In the Liturgy for Good Friday that last collect includes this –
we pray you to set
your passion, cross, and death between your judgment and
our souls, now and in the hour of our death.
People's discomfort has been weaponized
The example of the congregation’s intercessory prayer being perverted has special power. Intercessory prayer is one of the church’s ways of standing in the breach. Here, in this community, all are prayed for.
We hold them on our heart before God. We commend them to God’s compassion. Everyone—the offended and the offender, those within the gates and those outside. And in that action our hearts are enlarged. Our stone hearts are turned to flesh.[4] Our blindness of heart, our pushing away those that offend and hurt us, are changed as we pray for them.
By Mercy and Grace, we have the gift of being in community with people we don’t understand, we may not like, and we disagree with.
rag+
To be in community with people that we don’t understand, we may not like, and we disagree with
A list of all postings
[1] This is an especially interesting example as intercession for others is a way in which we “stand in the breach.” (see below)

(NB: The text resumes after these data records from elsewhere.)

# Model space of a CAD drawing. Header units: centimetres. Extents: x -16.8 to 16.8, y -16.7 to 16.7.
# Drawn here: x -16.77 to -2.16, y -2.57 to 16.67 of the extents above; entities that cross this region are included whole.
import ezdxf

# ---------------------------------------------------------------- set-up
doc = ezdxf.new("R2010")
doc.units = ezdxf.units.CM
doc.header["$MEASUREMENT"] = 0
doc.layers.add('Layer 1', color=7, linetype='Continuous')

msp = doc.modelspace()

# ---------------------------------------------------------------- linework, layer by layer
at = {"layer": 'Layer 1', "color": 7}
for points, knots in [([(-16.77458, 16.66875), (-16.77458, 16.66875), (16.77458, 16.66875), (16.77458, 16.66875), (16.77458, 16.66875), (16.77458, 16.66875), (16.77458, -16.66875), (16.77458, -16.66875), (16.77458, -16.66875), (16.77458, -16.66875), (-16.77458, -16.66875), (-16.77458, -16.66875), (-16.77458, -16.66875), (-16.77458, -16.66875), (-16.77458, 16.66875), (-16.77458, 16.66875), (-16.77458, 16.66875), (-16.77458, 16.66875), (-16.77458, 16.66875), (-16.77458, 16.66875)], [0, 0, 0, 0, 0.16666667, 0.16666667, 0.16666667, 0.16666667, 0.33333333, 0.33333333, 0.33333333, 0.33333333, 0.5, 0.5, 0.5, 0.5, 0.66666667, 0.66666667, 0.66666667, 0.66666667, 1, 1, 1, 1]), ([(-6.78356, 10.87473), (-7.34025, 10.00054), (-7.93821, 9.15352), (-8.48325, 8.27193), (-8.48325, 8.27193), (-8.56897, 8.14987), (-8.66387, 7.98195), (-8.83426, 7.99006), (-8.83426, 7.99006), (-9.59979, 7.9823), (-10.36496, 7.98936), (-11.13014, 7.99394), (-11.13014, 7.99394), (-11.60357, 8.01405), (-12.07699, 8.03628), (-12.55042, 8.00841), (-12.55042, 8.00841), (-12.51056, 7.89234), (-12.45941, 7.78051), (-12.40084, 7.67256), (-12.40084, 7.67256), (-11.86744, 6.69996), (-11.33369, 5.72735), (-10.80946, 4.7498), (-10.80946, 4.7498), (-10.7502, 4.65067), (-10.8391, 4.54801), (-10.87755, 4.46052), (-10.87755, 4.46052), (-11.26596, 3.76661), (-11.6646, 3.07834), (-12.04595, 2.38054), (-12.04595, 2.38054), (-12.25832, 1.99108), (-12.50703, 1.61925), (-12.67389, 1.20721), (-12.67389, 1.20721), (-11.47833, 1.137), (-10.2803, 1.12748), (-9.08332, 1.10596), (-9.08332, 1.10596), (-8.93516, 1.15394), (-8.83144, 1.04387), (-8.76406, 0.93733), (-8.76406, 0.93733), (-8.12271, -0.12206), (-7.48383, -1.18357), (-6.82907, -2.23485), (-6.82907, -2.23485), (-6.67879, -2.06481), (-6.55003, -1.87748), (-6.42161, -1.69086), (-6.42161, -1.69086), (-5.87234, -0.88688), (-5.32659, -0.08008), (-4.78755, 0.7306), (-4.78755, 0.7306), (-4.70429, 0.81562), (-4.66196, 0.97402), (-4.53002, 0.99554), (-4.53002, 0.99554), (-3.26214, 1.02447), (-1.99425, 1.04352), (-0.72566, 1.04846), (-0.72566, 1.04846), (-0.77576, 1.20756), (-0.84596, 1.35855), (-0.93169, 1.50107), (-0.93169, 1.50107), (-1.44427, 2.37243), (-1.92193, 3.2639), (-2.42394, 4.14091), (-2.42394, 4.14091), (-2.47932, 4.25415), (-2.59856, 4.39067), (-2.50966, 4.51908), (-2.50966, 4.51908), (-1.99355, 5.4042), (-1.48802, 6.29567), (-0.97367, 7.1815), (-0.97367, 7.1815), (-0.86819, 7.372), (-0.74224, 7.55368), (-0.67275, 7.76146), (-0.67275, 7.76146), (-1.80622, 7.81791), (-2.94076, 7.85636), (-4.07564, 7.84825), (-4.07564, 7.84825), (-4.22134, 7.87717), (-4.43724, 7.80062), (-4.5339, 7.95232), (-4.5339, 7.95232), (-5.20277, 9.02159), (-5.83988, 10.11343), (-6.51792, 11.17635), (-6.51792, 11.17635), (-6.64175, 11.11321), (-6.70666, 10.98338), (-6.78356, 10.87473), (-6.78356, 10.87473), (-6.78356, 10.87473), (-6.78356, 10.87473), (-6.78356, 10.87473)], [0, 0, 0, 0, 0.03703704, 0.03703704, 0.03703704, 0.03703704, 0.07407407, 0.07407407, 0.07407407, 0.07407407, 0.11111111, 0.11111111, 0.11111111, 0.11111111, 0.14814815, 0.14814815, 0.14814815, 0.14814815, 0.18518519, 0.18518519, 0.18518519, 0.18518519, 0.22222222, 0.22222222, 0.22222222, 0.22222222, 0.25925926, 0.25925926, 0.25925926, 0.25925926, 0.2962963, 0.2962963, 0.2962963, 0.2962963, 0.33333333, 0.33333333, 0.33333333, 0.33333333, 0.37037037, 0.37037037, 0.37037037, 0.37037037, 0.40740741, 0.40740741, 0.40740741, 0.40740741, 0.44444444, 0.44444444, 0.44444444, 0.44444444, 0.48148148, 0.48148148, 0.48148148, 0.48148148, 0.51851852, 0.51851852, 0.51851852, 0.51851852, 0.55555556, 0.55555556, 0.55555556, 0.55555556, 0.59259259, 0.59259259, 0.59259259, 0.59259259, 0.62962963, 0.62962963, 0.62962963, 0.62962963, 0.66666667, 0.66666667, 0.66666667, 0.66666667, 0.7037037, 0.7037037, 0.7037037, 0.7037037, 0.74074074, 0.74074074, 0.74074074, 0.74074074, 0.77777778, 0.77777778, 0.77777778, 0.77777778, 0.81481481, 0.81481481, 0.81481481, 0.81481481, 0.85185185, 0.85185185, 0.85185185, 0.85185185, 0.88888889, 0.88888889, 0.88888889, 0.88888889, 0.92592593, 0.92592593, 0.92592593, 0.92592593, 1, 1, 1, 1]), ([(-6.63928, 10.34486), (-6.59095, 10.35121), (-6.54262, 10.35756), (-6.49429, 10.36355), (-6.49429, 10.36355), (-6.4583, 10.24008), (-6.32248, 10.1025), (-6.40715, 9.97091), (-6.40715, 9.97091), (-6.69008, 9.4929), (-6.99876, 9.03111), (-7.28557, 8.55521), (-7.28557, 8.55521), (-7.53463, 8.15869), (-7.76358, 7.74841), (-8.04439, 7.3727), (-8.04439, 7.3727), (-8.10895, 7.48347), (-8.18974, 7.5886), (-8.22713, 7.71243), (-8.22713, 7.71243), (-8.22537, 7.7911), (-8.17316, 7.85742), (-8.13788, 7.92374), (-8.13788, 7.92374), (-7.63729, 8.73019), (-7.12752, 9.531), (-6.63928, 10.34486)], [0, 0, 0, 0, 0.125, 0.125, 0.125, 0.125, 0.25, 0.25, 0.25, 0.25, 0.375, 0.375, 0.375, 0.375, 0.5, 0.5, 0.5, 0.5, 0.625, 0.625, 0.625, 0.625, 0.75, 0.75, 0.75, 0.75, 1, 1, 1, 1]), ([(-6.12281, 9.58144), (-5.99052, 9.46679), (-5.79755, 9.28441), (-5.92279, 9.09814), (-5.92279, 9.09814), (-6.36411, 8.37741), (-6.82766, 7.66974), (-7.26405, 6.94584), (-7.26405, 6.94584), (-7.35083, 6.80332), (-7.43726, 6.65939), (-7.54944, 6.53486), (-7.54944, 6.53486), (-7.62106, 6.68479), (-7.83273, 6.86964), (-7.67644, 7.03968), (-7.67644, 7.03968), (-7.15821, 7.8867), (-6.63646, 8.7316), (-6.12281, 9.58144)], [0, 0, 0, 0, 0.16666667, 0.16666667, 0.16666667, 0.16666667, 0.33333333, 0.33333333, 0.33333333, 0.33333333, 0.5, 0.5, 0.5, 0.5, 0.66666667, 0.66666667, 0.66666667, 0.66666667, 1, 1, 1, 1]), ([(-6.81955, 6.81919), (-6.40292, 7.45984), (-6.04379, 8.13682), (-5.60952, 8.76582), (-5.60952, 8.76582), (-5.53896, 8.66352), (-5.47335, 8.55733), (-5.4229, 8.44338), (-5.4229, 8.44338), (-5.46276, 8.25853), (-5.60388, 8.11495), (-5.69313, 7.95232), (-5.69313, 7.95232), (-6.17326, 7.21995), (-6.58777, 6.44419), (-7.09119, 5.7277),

[2] A place where counsel was given, and the city protected. There are ways in which people, at risk to themselves, place themselves at the gate.
[3] Psalm 106:23 “So he would have destroyed them, had not Moses his chosen stood before him in the breach.” And Ezekiel 22:30 “And I sought for anyone among them who would repair the wall and stand in the breach before me on behalf of the land, so that I would not destroy it; but I found no one.” And, John 3:16 “For God so loved the world that he gave his only Son, so that everyone who believes in him may not perish but may have eternal life.”